** Work order **
Give back exactly the lines from the one that includes "normal through all" to the last line below, both included, and no further lines.
[[ Dataset records, beginning ]]
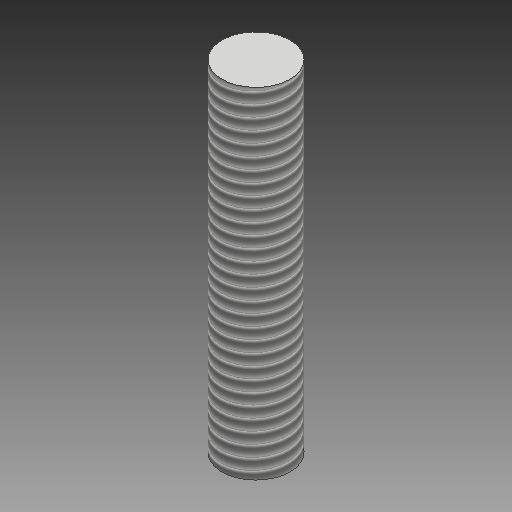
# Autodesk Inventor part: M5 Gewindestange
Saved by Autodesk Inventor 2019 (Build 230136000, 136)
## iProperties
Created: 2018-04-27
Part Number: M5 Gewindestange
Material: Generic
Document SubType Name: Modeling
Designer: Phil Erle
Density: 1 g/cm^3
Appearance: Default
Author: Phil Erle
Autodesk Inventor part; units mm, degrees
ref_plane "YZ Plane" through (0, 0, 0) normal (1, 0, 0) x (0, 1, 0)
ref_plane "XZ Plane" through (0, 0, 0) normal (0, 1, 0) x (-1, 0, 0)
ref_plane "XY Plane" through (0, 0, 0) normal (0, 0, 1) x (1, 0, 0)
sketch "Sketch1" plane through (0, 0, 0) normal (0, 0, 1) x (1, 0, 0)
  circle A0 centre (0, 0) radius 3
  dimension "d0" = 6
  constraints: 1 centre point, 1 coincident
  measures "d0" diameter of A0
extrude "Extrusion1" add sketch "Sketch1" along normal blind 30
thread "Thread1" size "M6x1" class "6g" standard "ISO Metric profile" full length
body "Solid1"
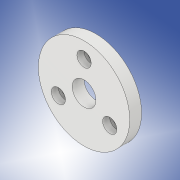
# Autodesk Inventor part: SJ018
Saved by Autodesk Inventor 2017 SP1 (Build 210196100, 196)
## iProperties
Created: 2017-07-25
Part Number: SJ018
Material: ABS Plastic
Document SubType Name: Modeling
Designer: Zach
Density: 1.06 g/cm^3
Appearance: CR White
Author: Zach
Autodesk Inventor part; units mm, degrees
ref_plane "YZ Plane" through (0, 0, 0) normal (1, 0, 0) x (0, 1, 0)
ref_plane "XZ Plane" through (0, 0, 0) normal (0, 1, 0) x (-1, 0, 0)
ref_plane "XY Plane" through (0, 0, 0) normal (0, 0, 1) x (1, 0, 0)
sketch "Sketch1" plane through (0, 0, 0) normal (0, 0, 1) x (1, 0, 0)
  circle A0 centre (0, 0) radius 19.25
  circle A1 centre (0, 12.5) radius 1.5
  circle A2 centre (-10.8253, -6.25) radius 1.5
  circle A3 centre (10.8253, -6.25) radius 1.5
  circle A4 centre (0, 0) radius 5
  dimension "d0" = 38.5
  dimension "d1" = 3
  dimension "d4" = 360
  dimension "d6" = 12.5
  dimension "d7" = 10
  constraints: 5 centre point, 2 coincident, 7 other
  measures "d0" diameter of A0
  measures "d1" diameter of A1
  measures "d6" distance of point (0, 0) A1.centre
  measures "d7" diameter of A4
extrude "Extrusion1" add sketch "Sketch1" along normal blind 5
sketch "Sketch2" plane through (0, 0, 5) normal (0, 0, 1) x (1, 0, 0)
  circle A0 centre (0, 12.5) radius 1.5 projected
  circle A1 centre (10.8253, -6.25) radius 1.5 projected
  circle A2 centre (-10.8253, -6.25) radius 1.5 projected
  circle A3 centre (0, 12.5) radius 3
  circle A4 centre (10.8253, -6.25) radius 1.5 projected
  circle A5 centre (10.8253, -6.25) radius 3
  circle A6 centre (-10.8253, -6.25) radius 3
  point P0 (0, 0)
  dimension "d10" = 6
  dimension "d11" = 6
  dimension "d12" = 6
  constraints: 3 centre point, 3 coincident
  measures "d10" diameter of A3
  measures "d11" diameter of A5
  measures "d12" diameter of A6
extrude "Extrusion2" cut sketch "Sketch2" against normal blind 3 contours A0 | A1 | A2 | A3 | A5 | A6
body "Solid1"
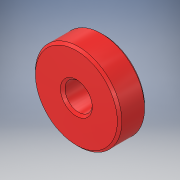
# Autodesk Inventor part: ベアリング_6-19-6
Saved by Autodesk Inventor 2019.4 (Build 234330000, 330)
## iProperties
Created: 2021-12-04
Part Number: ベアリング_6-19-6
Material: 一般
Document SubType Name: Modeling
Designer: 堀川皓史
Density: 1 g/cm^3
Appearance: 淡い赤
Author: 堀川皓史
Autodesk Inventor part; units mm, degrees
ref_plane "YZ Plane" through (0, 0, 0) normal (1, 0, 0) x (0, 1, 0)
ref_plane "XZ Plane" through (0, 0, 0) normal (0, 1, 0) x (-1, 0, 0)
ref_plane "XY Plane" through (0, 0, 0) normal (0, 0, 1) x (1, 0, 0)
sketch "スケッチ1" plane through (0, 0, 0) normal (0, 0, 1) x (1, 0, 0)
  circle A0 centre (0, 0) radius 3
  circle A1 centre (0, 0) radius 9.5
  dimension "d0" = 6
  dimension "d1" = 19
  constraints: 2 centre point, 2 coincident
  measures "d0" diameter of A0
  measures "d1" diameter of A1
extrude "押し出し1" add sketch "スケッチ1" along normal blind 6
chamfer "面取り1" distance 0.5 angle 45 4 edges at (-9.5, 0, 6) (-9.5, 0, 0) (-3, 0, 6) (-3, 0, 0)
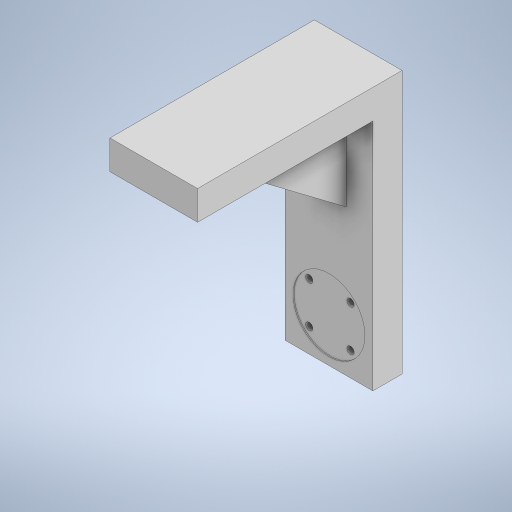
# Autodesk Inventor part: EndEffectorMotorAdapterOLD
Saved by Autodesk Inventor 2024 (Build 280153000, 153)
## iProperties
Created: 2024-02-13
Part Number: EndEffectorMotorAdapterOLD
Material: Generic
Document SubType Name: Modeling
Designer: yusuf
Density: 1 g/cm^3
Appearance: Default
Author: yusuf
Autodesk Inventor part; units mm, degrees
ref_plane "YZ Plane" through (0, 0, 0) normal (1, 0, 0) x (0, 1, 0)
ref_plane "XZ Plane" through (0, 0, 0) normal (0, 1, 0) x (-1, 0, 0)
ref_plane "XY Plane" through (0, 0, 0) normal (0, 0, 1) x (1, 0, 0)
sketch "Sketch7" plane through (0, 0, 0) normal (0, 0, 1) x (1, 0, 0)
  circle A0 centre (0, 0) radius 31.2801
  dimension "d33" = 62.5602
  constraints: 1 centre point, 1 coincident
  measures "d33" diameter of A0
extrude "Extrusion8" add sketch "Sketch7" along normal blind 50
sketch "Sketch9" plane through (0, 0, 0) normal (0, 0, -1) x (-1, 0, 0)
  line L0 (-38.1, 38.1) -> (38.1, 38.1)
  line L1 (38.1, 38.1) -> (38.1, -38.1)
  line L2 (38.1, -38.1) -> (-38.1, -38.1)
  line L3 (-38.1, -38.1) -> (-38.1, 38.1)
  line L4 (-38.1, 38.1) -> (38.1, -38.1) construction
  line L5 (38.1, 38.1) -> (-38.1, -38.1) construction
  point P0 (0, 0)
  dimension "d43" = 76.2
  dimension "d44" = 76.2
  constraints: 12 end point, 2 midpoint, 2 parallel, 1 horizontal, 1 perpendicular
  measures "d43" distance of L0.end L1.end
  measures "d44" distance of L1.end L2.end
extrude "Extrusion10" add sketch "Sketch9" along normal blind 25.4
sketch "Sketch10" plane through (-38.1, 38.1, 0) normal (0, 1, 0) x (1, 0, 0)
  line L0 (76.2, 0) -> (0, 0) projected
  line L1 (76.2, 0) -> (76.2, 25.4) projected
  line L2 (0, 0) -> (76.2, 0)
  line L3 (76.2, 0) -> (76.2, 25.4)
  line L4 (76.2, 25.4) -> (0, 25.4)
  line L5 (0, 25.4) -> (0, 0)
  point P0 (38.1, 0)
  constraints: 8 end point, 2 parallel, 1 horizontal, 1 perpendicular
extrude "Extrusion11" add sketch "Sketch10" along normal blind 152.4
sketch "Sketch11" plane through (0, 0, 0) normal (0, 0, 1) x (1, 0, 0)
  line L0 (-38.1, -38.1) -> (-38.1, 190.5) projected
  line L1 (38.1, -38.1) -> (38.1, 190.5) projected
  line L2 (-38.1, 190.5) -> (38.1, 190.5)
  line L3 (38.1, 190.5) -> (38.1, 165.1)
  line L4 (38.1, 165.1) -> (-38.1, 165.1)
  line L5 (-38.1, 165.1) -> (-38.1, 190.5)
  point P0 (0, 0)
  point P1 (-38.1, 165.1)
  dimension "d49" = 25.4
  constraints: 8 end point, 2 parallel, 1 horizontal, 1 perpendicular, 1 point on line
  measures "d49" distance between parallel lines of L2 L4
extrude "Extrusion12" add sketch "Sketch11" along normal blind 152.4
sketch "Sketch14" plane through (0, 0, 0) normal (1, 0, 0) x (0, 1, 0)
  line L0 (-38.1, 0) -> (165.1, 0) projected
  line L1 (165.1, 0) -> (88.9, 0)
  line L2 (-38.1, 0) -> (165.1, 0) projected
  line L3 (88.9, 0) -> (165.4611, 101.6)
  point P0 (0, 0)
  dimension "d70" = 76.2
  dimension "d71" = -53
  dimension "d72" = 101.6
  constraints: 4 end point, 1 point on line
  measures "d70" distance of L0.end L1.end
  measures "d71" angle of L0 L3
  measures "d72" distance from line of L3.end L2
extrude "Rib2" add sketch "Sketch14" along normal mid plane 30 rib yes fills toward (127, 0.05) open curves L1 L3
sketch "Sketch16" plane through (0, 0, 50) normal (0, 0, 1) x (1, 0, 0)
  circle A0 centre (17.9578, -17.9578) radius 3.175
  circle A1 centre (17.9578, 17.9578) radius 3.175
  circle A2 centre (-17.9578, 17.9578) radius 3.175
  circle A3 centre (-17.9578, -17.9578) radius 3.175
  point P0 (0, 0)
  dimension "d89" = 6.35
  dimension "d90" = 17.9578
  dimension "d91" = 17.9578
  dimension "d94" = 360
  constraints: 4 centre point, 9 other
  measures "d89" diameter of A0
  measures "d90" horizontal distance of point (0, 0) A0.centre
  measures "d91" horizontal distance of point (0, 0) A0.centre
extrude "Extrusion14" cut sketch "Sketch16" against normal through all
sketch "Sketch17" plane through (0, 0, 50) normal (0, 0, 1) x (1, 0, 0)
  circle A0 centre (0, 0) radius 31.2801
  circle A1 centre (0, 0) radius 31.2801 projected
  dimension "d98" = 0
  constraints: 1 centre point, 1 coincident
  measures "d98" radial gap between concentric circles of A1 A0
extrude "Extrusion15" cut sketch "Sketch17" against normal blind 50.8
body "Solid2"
[[ Dataset records, end ]]
** Solution to this exercise **
extrude "Extrusion14" cut sketch "Sketch16" against normal through all
sketch "Sketch17" plane through (0, 0, 50) normal (0, 0, 1) x (1, 0, 0)
  circle A0 centre (0, 0) radius 31.2801
  circle A1 centre (0, 0) radius 31.2801 projected
  dimension "d98" = 0
  constraints: 1 centre point, 1 coincident
  measures "d98" radial gap between concentric circles of A1 A0
extrude "Extrusion15" cut sketch "Sketch17" against normal blind 50.8
body "Solid2"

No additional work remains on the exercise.